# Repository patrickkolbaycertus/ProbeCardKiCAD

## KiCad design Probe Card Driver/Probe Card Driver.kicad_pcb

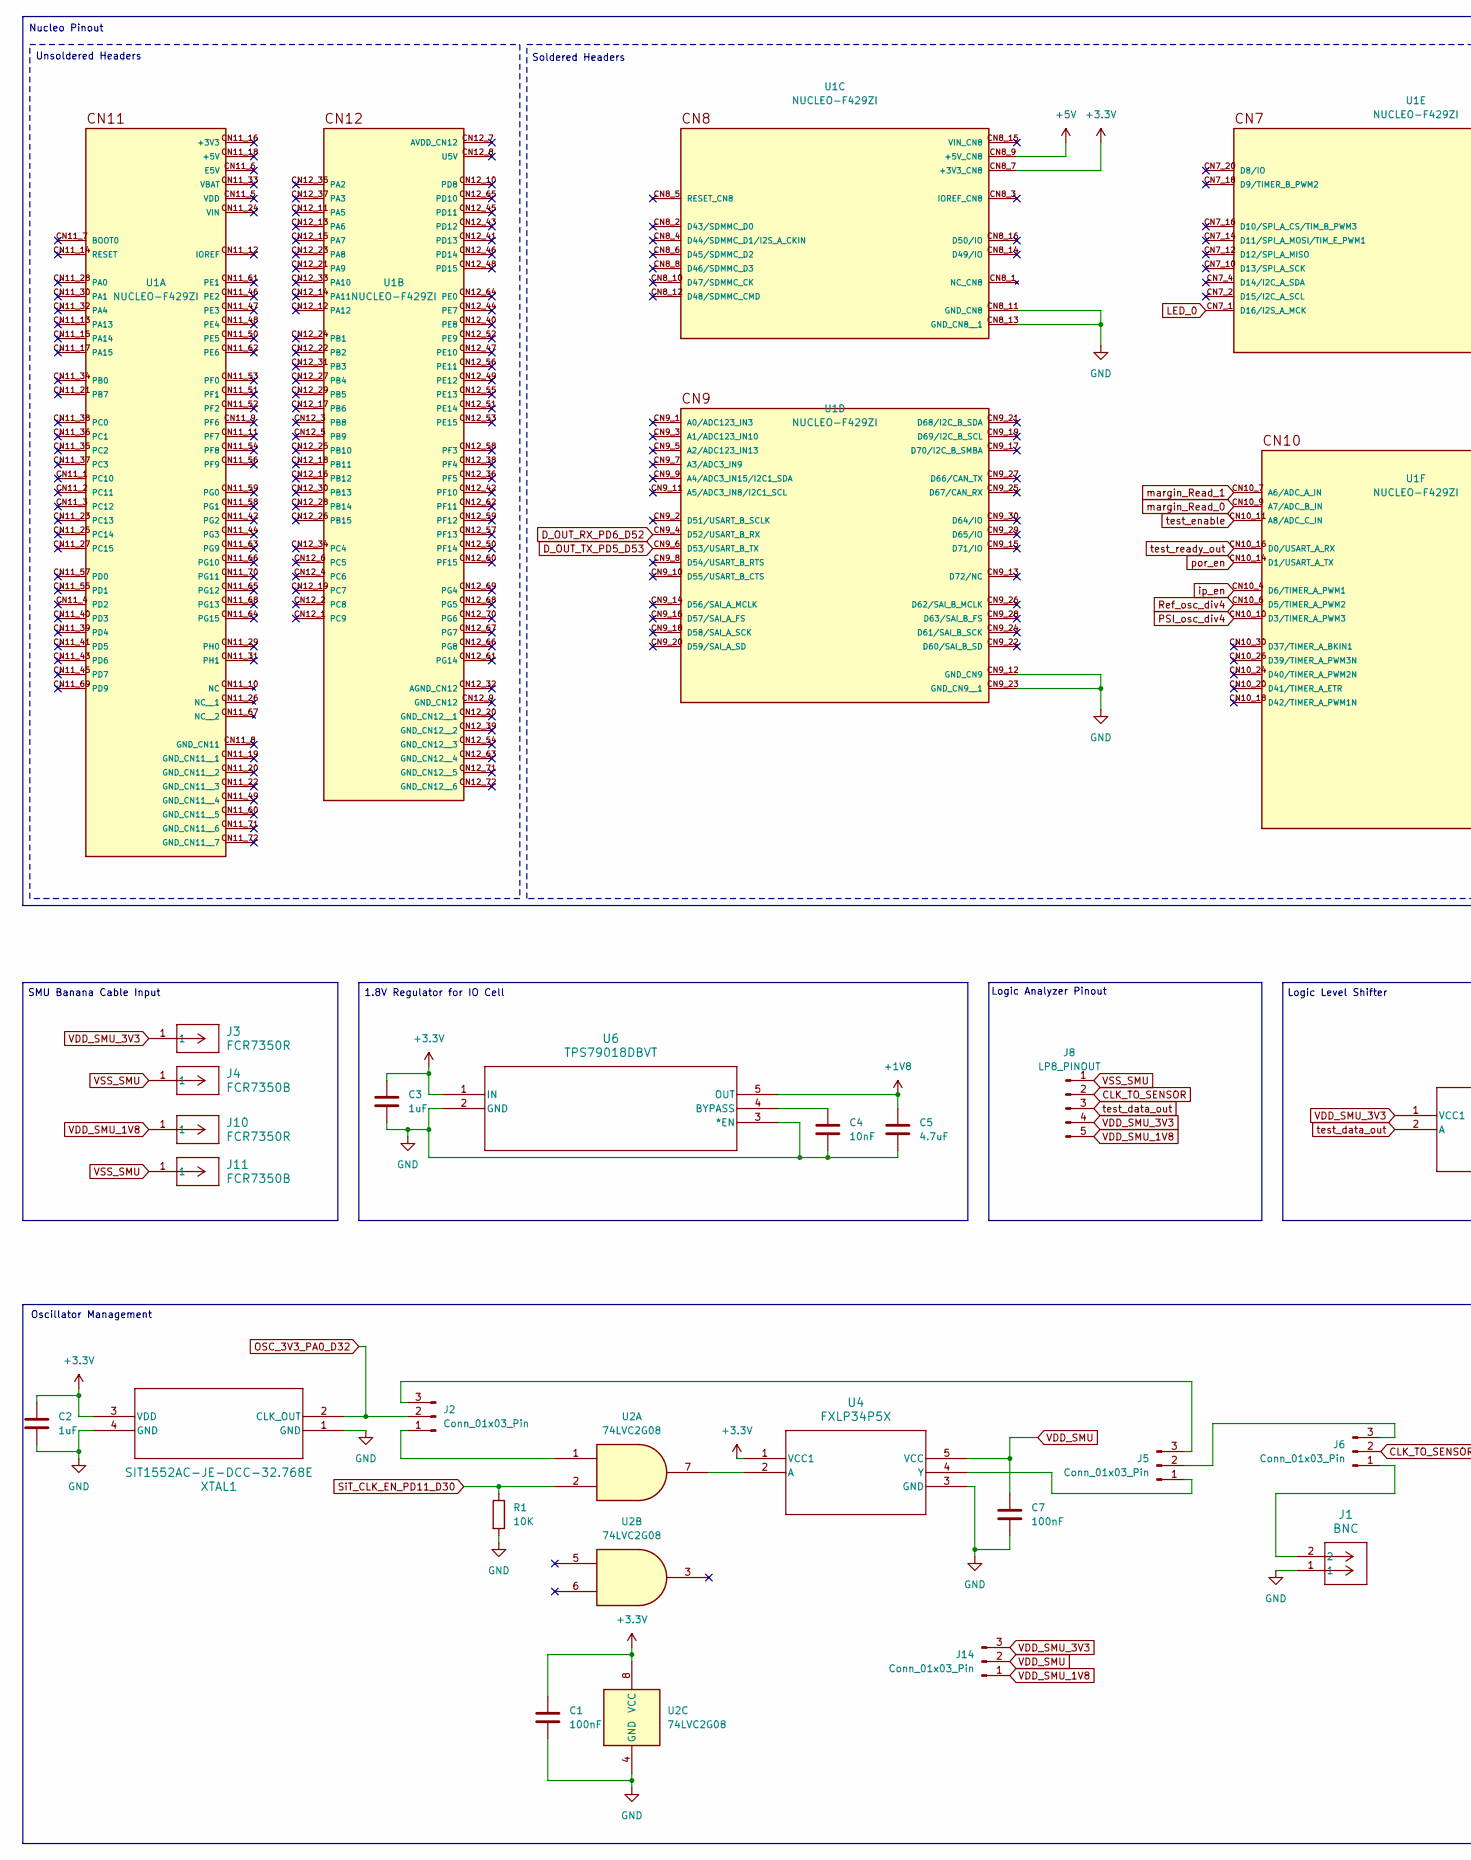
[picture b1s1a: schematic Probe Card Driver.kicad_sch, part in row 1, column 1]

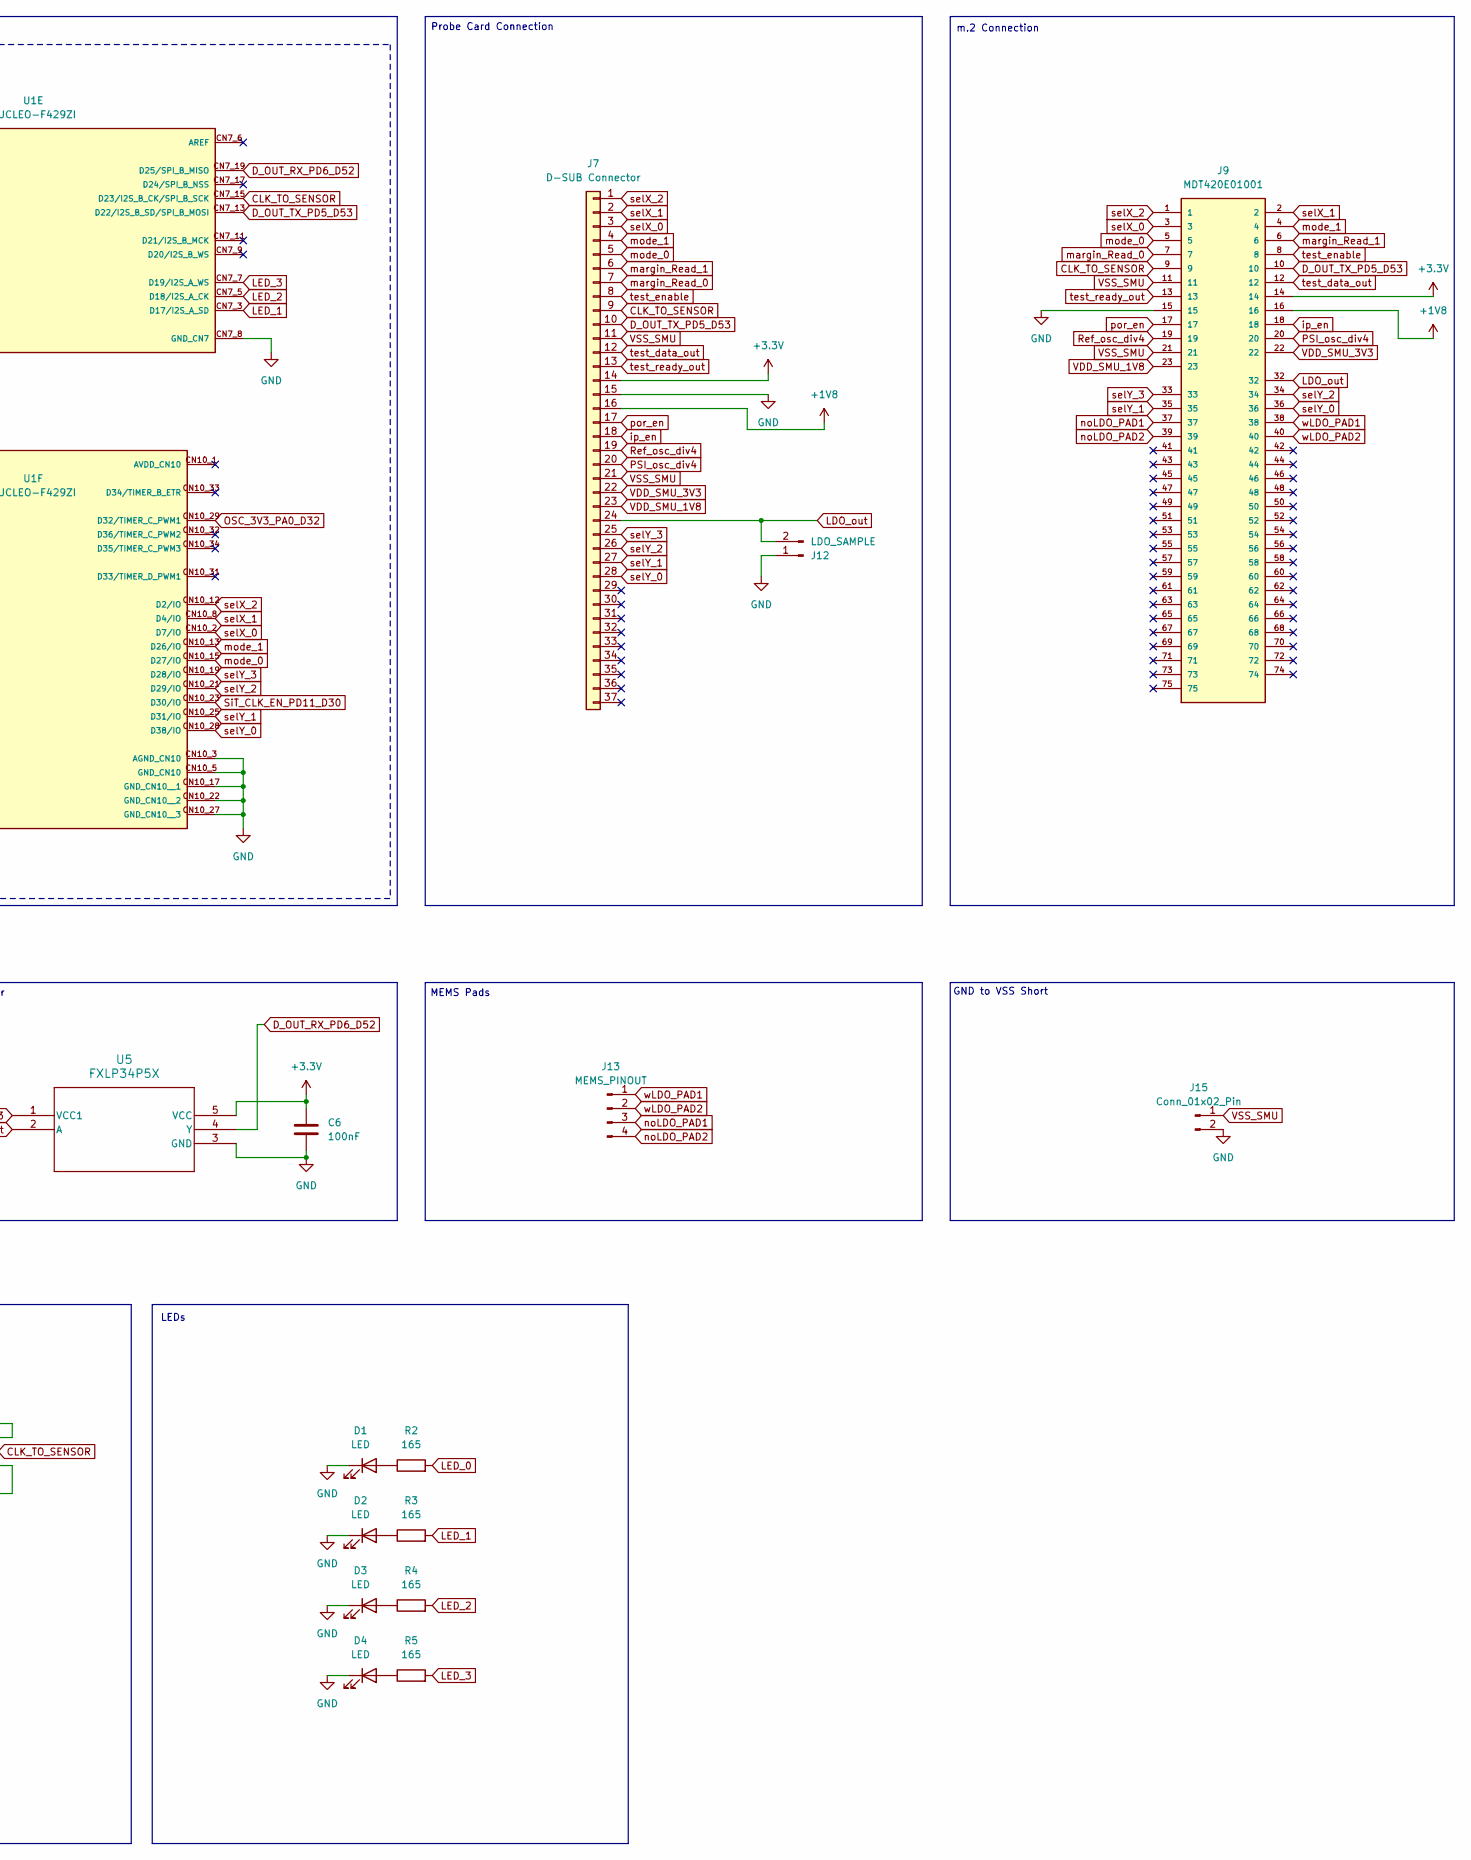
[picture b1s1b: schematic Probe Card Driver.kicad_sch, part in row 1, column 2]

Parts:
C1, C6, C7: 100nF; C_0603_1608Metric
C2, C3: 1uF; C_0603_1608Metric
C4: 10nF; C_0603_1608Metric
C5: 4.7uF; C_0603_1608Metric
D1, D2, D3, D4: LED; LED_0603_1608Metric
J1: BNC; CONN_CONBN_LNX
J2, J5, J6, J14: Conn_01x03_Pin; PinHeader_1x03_P2.54mm_Vertical
J3, J10: FCR7350R; CONN1_FCR7350R_CLF
J4, J11: FCR7350B; CONN1_FCR7350R_CLF
J7: D-SUB Connector; D37P33E4GX00LF
J8: LP8_PINOUT; PinSocket_1x05_P2.54mm_Vertical
J9: MDT420E01001; M.2-CONNECTOR-E; PARTREV 7
J12: LDO_SAMPLE; PinSocket_1x02_P2.54mm_Vertical
J13: MEMS_PINOUT; PinSocket_1x04_P2.54mm_Vertical
J15: Conn_01x02_Pin; PinHeader_1x02_P2.54mm_Vertical
R1: 10K; R_0603_1608Metric
R2, R3, R4, R5: 165; R_0603_1608Metric
U1: NUCLEO-F429ZI; MODULE_NUCLEO-F429ZI; PARTREV 8
U2: 74LVC2G08; DCU8
U4, U5: FXLP34P5X; SC70-5_2P2X1P3_ONS
U6: TPS79018DBVT; DBV5
XTAL1: SIT1552AC-JE-DCC-32.768E; BGA4_SiT1532_SIT

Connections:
+1V8: C5.1, J7.16, J9.16, U6.5 (OUT)
+3.3V: C1.1, C2.1, C3.1, C6.1, J7.14, J9.14, U1.CN8_7 (+3V3_CN8), U2.8 (VCC), U4.1 (VCC1), U5.5 (VCC), U6.1 (IN), XTAL1.3 (VDD)
+5V: U1.CN8_9 (+5V_CN8)
CLK_TO_SENSOR: J6.2, J7.9, J8.2, J9.9, U1.CN7_15 (D23/I2S_B_CK/SPI_B_SCK)
D_OUT_RX_PD6_D52: U1.CN7_19 (D25/SPI_B_MISO), U1.CN9_4 (D52/USART_B_RX), U5.4 (Y)
D_OUT_TX_PD5_D53: J7.10, J9.10, U1.CN7_13 (D22/I2S_B_SD/SPI_B_MOSI), U1.CN9_6 (D53/USART_B_TX)
GND: C1.2, C2.2, C3.2, C4.2, C5.2, C6.2, C7.2, D1.1 (K), D2.1 (K), D3.1 (K), D4.1 (K), J1.1, J7.15, J9.15, J12.1, J15.2, R1.2, U1.CN7_8 (GND_CN7), U1.CN8_11 (GND_CN8), U1.CN8_13 (GND_CN8__1), U1.CN9_12 (GND_CN9), U1.CN9_23 (GND_CN9__1), U1.CN10_3 (AGND_CN10), U1.CN10_5 (GND_CN10), U1.CN10_17 (GND_CN10__1), U1.CN10_22 (GND_CN10__2), U1.CN10_27 (GND_CN10__3), U2.4 (GND), U4.3 (GND), U5.3 (GND), U6.2 (GND), U6.3 (*EN), XTAL1.1 (GND), XTAL1.4 (GND)
LDO_out: J7.24, J9.32, J12.2
LED_0: R2.2, U1.CN7_1 (D16/I2S_A_MCK)
LED_1: R3.2, U1.CN7_3 (D17/I2S_A_SD)
LED_2: R4.2, U1.CN7_5 (D18/I2S_A_CK)
LED_3: R5.2, U1.CN7_7 (D19/I2S_A_WS)
unnamed: D1.2 (A), R2.1
unnamed: D2.2 (A), R3.1
unnamed: D3.2 (A), R4.1
unnamed: D4.2 (A), R5.1
unnamed: J2.1, U2.1
unnamed: J2.3, J5.3
unnamed: J5.1, U4.4 (Y)
unnamed: J5.2, J6.3
unnamed: J1.2, J6.1
unnamed: U2.7, U4.2 (A)
unnamed: C4.1, U6.4 (BYPASS)
OSC_3V3_PA0_D32: J2.2, U1.CN10_29 (D32/TIMER_C_PWM1), XTAL1.2 (CLK_OUT)
PSI_osc_div4: J7.20, J9.20, U1.CN10_10 (D3/TIMER_A_PWM3)
Ref_osc_div4: J7.19, J9.19, U1.CN10_6 (D5/TIMER_A_PWM2)
SiT_CLK_EN_PD11_D30: R1.1, U1.CN10_23 (D30/IO), U2.2
VDD_SMU: C7.1, J14.2, U4.5 (VCC)
VDD_SMU_1V8: J7.23, J8.5, J9.23, J10.1, J14.1
VDD_SMU_3V3: J3.1, J7.22, J8.4, J9.22, J14.3, U5.1 (VCC1)
VSS_SMU: J4.1, J7.11, J7.21, J8.1, J9.11, J9.21, J11.1, J15.1
ip_en: J7.18, J9.18, U1.CN10_4 (D6/TIMER_A_PWM1)
margin_Read_0: J7.7, J9.7, U1.CN10_9 (A7/ADC_B_IN)
margin_Read_1: J7.6, J9.6, U1.CN10_7 (A6/ADC_A_IN)
mode_0: J7.5, J9.5, U1.CN10_15 (D27/IO)
mode_1: J7.4, J9.4, U1.CN10_13 (D26/IO)
noLDO_PAD1: J9.37, J13.3
noLDO_PAD2: J9.39, J13.4
por_en: J7.17, J9.17, U1.CN10_14 (D1/USART_A_TX)
selX_0: J7.3, J9.3, U1.CN10_2 (D7/IO)
selX_1: J7.2, J9.2, U1.CN10_8 (D4/IO)
selX_2: J7.1, J9.1, U1.CN10_12 (D2/IO)
selY_0: J7.28, J9.36, U1.CN10_28 (D38/IO)
selY_1: J7.27, J9.35, U1.CN10_25 (D31/IO)
selY_2: J7.26, J9.34, U1.CN10_21 (D29/IO)
selY_3: J7.25, J9.33, U1.CN10_19 (D28/IO)
test_data_out: J7.12, J8.3, J9.12, U5.2 (A)
test_enable: J7.8, J9.8, U1.CN10_11 (A8/ADC_C_IN)
test_ready_out: J7.13, J9.13, U1.CN10_16 (D0/USART_A_RX)
wLDO_PAD1: J9.38, J13.1
wLDO_PAD2: J9.40, J13.2

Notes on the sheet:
Unsoldered Headers
Soldered Headers
1.8V Regulator for IO Cell
LEDs
MEMS Pads
Oscillator Management
Nucleo Pinout
Logic Analyzer Pinout
m.2 Connection
Logic Level Shifter
Probe Card Connection
SMU Banana Cable Input
GND to VSS Short

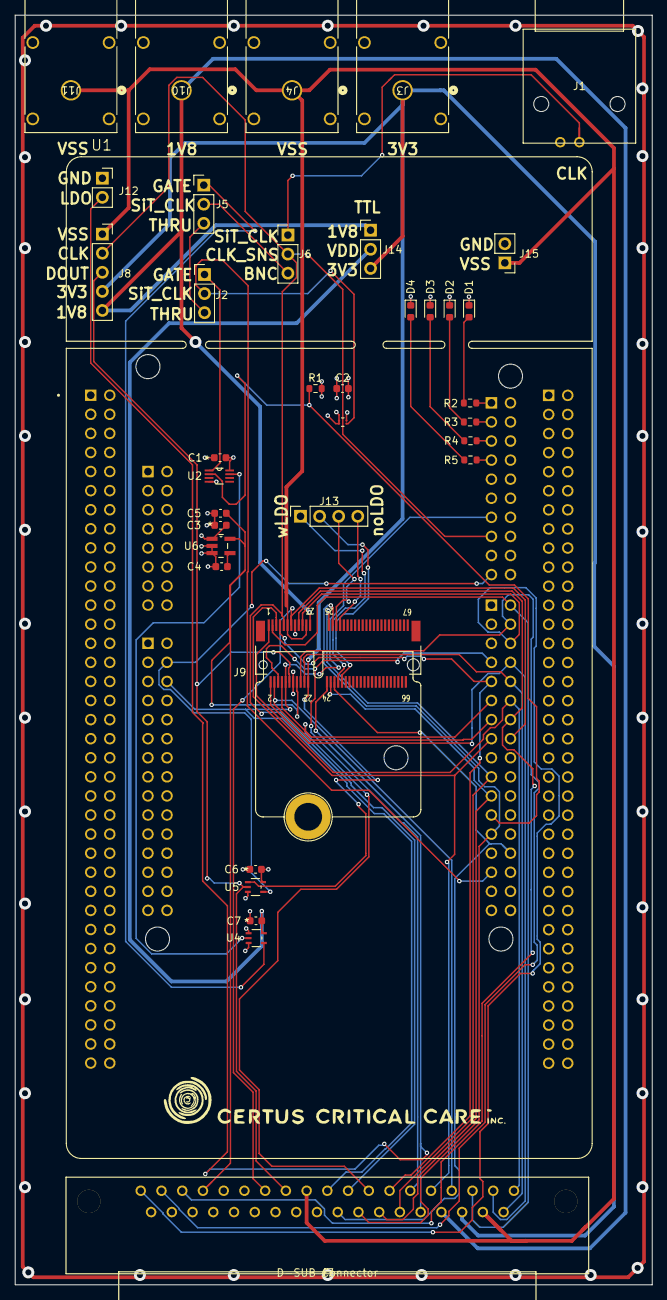
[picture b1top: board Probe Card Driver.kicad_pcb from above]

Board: 4 copper layers, 84.8 x 169.0 mm, 37 parts (0 on the bottom side), 50 nets.

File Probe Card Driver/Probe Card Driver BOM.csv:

Reference,Value,Datasheet,Digikey PN,Footprint,Qty,DNP
"C1,C6,C7",100nF,https://mm.digikey.com/Volume0/opasdata/d220001/medias/docus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,1276-1005-1-ND,Capacitor_SMD:C_0603_1608Metric,3,
"C2,C3",1uF,https://weblib.samsungsem.com/mlcc/mlcc-ec-data-sheet.do?par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,1276-1019-1-ND,Capacitor_SMD:C_0603_1608Metric,2,
C4,10nF,https://mm.digikey.com/Volume0/opasdata/d220001/medias/docus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,1276-1009-1-ND,Capacitor_SMD:C_0603_1608Metric,1,
C5,4.7uF,https://mm.digikey.com/Volume0/opasdata/d220001/medias/docus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,1276-1784-1-ND,Capacitor_SMD:C_0603_1608Metric,1,
"D1,D4",LED,https://www.we-online.com/components/products/datasheet/1500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,732-4979-1-ND,LED_SMD:LED_0603_1608Metric,2,
D2,LED,https://www.we-online.com/components/products/datasheet/1500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,732-4980-1-ND,LED_SMD:LED_0603_1608Metric,1,
D3,LED,https://www.we-online.com/components/products/datasheet/1500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,732-4981-1-ND,LED_SMD:LED_0603_1608Metric,1,
J1,BNC,https://www.te.com/commerce/DocumentDelivery/DDEController?A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,343-CONBNC002-ND,InHouseFootprints:CONN_CONBN_LNX,1,
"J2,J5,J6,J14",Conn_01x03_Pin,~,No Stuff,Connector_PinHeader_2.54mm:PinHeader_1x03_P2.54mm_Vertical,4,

## ASSIGNMENT
Find "unnamed: D2.2 (A), R3.1" in the entries above and copy that whole line exactly, then each line after it through the line that contains "PSI_osc_div4: J7.20, J9.20, U1.CN10_10".

## PROBLEM SOLUTION
unnamed: D2.2 (A), R3.1
unnamed: D3.2 (A), R4.1
unnamed: D4.2 (A), R5.1
unnamed: J2.1, U2.1
unnamed: J2.3, J5.3
unnamed: J5.1, U4.4 (Y)
unnamed: J5.2, J6.3
unnamed: J1.2, J6.1
unnamed: U2.7, U4.2 (A)
unnamed: C4.1, U6.4 (BYPASS)
OSC_3V3_PA0_D32: J2.2, U1.CN10_29 (D32/TIMER_C_PWM1), XTAL1.2 (CLK_OUT)
PSI_osc_div4: J7.20, J9.20, U1.CN10_10 (D3/TIMER_A_PWM3)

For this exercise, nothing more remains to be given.